THE DATA
==============================
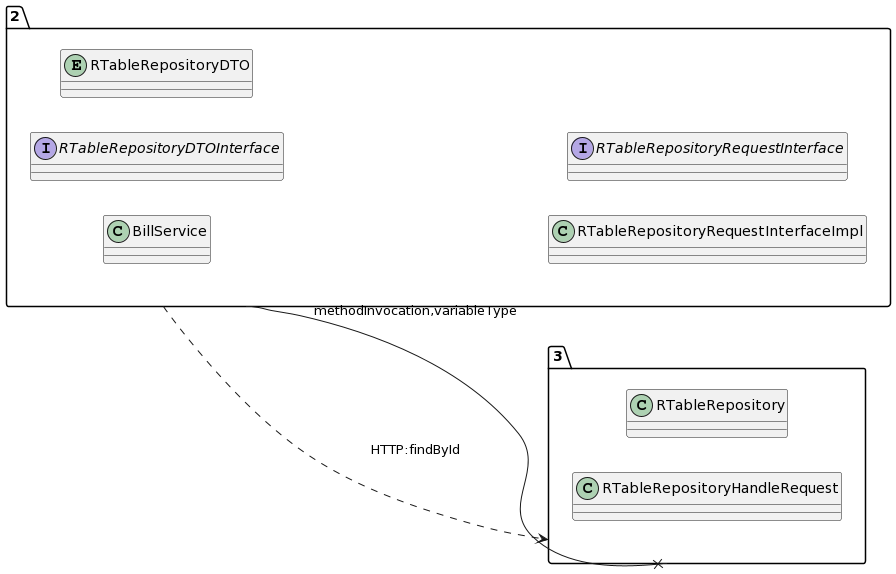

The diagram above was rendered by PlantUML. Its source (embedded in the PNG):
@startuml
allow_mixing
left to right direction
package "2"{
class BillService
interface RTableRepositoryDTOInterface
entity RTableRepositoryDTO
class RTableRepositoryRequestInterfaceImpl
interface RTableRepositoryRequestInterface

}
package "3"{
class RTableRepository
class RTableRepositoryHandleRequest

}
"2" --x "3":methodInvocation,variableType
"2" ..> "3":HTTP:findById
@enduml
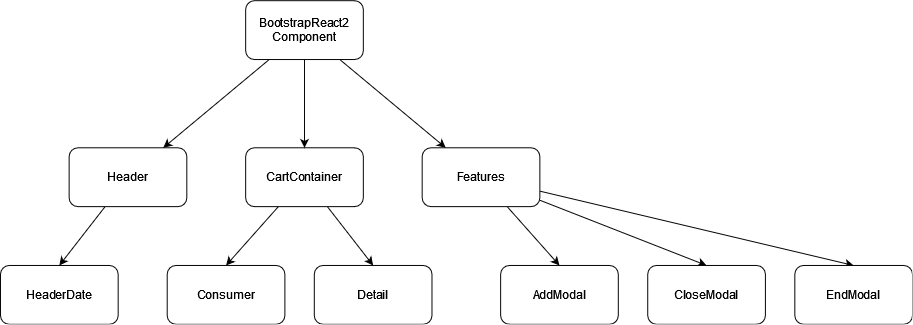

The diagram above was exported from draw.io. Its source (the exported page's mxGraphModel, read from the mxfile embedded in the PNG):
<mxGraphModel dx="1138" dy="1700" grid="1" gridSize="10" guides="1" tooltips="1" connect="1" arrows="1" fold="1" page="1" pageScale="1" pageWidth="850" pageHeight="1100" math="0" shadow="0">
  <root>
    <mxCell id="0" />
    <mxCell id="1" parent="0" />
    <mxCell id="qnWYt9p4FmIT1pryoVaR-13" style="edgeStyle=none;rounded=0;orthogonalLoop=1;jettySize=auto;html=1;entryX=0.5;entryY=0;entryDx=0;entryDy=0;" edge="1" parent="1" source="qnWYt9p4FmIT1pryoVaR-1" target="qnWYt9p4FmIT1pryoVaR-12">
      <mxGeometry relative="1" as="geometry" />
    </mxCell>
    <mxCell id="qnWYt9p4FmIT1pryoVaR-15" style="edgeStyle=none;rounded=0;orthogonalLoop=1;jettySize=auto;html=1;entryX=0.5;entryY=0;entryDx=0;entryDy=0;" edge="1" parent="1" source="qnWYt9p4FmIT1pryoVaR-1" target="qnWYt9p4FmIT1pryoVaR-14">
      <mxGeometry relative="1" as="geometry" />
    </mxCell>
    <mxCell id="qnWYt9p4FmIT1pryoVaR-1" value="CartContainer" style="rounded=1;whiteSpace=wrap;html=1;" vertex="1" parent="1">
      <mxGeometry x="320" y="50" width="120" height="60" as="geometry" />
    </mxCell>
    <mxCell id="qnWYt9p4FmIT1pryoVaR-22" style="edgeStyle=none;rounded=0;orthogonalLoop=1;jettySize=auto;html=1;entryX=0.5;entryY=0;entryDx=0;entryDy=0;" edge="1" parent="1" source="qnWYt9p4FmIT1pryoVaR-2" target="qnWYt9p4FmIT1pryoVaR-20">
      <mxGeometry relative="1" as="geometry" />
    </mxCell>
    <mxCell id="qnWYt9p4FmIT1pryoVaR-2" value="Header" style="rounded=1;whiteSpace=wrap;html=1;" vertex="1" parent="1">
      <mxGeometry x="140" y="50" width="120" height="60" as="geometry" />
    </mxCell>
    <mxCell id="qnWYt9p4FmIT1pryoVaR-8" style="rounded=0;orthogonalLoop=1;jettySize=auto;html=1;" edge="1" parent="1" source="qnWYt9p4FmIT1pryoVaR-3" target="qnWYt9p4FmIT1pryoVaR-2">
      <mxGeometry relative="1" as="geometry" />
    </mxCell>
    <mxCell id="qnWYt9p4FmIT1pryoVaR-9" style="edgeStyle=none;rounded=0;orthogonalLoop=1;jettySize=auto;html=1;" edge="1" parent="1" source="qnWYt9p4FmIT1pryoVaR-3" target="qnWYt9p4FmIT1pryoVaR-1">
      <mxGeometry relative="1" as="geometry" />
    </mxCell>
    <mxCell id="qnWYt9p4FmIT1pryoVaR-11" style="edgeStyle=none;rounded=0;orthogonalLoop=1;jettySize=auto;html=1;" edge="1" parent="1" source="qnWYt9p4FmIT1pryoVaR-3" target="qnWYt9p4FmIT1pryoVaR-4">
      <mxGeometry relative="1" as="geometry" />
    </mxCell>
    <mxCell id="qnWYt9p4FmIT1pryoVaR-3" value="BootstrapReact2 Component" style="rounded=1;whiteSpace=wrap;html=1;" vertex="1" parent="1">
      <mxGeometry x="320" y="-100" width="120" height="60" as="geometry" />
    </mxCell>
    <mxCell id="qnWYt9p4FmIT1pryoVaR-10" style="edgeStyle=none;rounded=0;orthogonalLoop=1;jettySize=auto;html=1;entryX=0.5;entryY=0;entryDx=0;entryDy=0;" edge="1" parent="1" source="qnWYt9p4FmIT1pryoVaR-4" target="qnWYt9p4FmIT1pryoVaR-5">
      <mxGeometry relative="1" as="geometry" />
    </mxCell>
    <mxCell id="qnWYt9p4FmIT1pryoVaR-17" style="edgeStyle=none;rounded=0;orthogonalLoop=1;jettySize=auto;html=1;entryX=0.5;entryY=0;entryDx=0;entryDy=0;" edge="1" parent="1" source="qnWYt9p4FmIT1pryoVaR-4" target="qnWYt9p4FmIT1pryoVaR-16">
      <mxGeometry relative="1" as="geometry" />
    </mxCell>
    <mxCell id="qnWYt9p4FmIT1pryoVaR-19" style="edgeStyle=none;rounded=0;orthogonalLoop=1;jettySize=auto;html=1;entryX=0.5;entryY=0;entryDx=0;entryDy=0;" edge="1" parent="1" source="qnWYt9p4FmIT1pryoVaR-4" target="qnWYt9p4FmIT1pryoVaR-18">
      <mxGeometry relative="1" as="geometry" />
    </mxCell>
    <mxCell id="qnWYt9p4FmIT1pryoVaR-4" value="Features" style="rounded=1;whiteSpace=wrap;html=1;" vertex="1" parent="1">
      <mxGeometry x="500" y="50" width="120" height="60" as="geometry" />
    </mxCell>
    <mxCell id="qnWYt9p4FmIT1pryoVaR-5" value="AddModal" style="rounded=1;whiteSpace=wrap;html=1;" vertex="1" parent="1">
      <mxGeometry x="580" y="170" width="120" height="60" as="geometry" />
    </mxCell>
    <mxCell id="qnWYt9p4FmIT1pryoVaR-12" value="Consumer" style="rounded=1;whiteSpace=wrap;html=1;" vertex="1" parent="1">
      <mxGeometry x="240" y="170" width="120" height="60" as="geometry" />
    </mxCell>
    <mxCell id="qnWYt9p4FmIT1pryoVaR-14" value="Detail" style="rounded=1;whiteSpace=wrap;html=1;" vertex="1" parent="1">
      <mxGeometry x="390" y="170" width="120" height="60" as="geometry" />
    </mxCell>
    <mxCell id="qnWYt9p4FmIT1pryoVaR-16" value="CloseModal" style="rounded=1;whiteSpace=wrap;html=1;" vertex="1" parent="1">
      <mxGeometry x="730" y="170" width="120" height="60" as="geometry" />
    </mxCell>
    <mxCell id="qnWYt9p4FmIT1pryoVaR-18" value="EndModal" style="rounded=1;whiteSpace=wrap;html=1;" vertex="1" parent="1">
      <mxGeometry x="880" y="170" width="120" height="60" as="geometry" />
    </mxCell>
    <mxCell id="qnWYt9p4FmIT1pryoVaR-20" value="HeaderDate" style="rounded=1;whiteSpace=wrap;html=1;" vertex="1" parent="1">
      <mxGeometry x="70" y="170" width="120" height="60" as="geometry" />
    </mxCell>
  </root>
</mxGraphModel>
==============================
ASSIGNMENT
Please reproduce the whole listing exactly; the pictures stay out.

ANSWER
The diagram above was rendered by PlantUML. Its source (embedded in the PNG):
@startuml
allow_mixing
left to right direction
package "2"{
class BillService
interface RTableRepositoryDTOInterface
entity RTableRepositoryDTO
class RTableRepositoryRequestInterfaceImpl
interface RTableRepositoryRequestInterface

}
package "3"{
class RTableRepository
class RTableRepositoryHandleRequest

}
"2" --x "3":methodInvocation,variableType
"2" ..> "3":HTTP:findById
@enduml

The diagram above was exported from draw.io. Its source (the exported page's mxGraphModel, read from the mxfile embedded in the PNG):
<mxGraphModel dx="1138" dy="1700" grid="1" gridSize="10" guides="1" tooltips="1" connect="1" arrows="1" fold="1" page="1" pageScale="1" pageWidth="850" pageHeight="1100" math="0" shadow="0">
  <root>
    <mxCell id="0" />
    <mxCell id="1" parent="0" />
    <mxCell id="qnWYt9p4FmIT1pryoVaR-13" style="edgeStyle=none;rounded=0;orthogonalLoop=1;jettySize=auto;html=1;entryX=0.5;entryY=0;entryDx=0;entryDy=0;" edge="1" parent="1" source="qnWYt9p4FmIT1pryoVaR-1" target="qnWYt9p4FmIT1pryoVaR-12">
      <mxGeometry relative="1" as="geometry" />
    </mxCell>
    <mxCell id="qnWYt9p4FmIT1pryoVaR-15" style="edgeStyle=none;rounded=0;orthogonalLoop=1;jettySize=auto;html=1;entryX=0.5;entryY=0;entryDx=0;entryDy=0;" edge="1" parent="1" source="qnWYt9p4FmIT1pryoVaR-1" target="qnWYt9p4FmIT1pryoVaR-14">
      <mxGeometry relative="1" as="geometry" />
    </mxCell>
    <mxCell id="qnWYt9p4FmIT1pryoVaR-1" value="CartContainer" style="rounded=1;whiteSpace=wrap;html=1;" vertex="1" parent="1">
      <mxGeometry x="320" y="50" width="120" height="60" as="geometry" />
    </mxCell>
    <mxCell id="qnWYt9p4FmIT1pryoVaR-22" style="edgeStyle=none;rounded=0;orthogonalLoop=1;jettySize=auto;html=1;entryX=0.5;entryY=0;entryDx=0;entryDy=0;" edge="1" parent="1" source="qnWYt9p4FmIT1pryoVaR-2" target="qnWYt9p4FmIT1pryoVaR-20">
      <mxGeometry relative="1" as="geometry" />
    </mxCell>
    <mxCell id="qnWYt9p4FmIT1pryoVaR-2" value="Header" style="rounded=1;whiteSpace=wrap;html=1;" vertex="1" parent="1">
      <mxGeometry x="140" y="50" width="120" height="60" as="geometry" />
    </mxCell>
    <mxCell id="qnWYt9p4FmIT1pryoVaR-8" style="rounded=0;orthogonalLoop=1;jettySize=auto;html=1;" edge="1" parent="1" source="qnWYt9p4FmIT1pryoVaR-3" target="qnWYt9p4FmIT1pryoVaR-2">
      <mxGeometry relative="1" as="geometry" />
    </mxCell>
    <mxCell id="qnWYt9p4FmIT1pryoVaR-9" style="edgeStyle=none;rounded=0;orthogonalLoop=1;jettySize=auto;html=1;" edge="1" parent="1" source="qnWYt9p4FmIT1pryoVaR-3" target="qnWYt9p4FmIT1pryoVaR-1">
      <mxGeometry relative="1" as="geometry" />
    </mxCell>
    <mxCell id="qnWYt9p4FmIT1pryoVaR-11" style="edgeStyle=none;rounded=0;orthogonalLoop=1;jettySize=auto;html=1;" edge="1" parent="1" source="qnWYt9p4FmIT1pryoVaR-3" target="qnWYt9p4FmIT1pryoVaR-4">
      <mxGeometry relative="1" as="geometry" />
    </mxCell>
    <mxCell id="qnWYt9p4FmIT1pryoVaR-3" value="BootstrapReact2 Component" style="rounded=1;whiteSpace=wrap;html=1;" vertex="1" parent="1">
      <mxGeometry x="320" y="-100" width="120" height="60" as="geometry" />
    </mxCell>
    <mxCell id="qnWYt9p4FmIT1pryoVaR-10" style="edgeStyle=none;rounded=0;orthogonalLoop=1;jettySize=auto;html=1;entryX=0.5;entryY=0;entryDx=0;entryDy=0;" edge="1" parent="1" source="qnWYt9p4FmIT1pryoVaR-4" target="qnWYt9p4FmIT1pryoVaR-5">
      <mxGeometry relative="1" as="geometry" />
    </mxCell>
    <mxCell id="qnWYt9p4FmIT1pryoVaR-17" style="edgeStyle=none;rounded=0;orthogonalLoop=1;jettySize=auto;html=1;entryX=0.5;entryY=0;entryDx=0;entryDy=0;" edge="1" parent="1" source="qnWYt9p4FmIT1pryoVaR-4" target="qnWYt9p4FmIT1pryoVaR-16">
      <mxGeometry relative="1" as="geometry" />
    </mxCell>
    <mxCell id="qnWYt9p4FmIT1pryoVaR-19" style="edgeStyle=none;rounded=0;orthogonalLoop=1;jettySize=auto;html=1;entryX=0.5;entryY=0;entryDx=0;entryDy=0;" edge="1" parent="1" source="qnWYt9p4FmIT1pryoVaR-4" target="qnWYt9p4FmIT1pryoVaR-18">
      <mxGeometry relative="1" as="geometry" />
    </mxCell>
    <mxCell id="qnWYt9p4FmIT1pryoVaR-4" value="Features" style="rounded=1;whiteSpace=wrap;html=1;" vertex="1" parent="1">
      <mxGeometry x="500" y="50" width="120" height="60" as="geometry" />
    </mxCell>
    <mxCell id="qnWYt9p4FmIT1pryoVaR-5" value="AddModal" style="rounded=1;whiteSpace=wrap;html=1;" vertex="1" parent="1">
      <mxGeometry x="580" y="170" width="120" height="60" as="geometry" />
    </mxCell>
    <mxCell id="qnWYt9p4FmIT1pryoVaR-12" value="Consumer" style="rounded=1;whiteSpace=wrap;html=1;" vertex="1" parent="1">
      <mxGeometry x="240" y="170" width="120" height="60" as="geometry" />
    </mxCell>
    <mxCell id="qnWYt9p4FmIT1pryoVaR-14" value="Detail" style="rounded=1;whiteSpace=wrap;html=1;" vertex="1" parent="1">
      <mxGeometry x="390" y="170" width="120" height="60" as="geometry" />
    </mxCell>
    <mxCell id="qnWYt9p4FmIT1pryoVaR-16" value="CloseModal" style="rounded=1;whiteSpace=wrap;html=1;" vertex="1" parent="1">
      <mxGeometry x="730" y="170" width="120" height="60" as="geometry" />
    </mxCell>
    <mxCell id="qnWYt9p4FmIT1pryoVaR-18" value="EndModal" style="rounded=1;whiteSpace=wrap;html=1;" vertex="1" parent="1">
      <mxGeometry x="880" y="170" width="120" height="60" as="geometry" />
    </mxCell>
    <mxCell id="qnWYt9p4FmIT1pryoVaR-20" value="HeaderDate" style="rounded=1;whiteSpace=wrap;html=1;" vertex="1" parent="1">
      <mxGeometry x="70" y="170" width="120" height="60" as="geometry" />
    </mxCell>
  </root>
</mxGraphModel>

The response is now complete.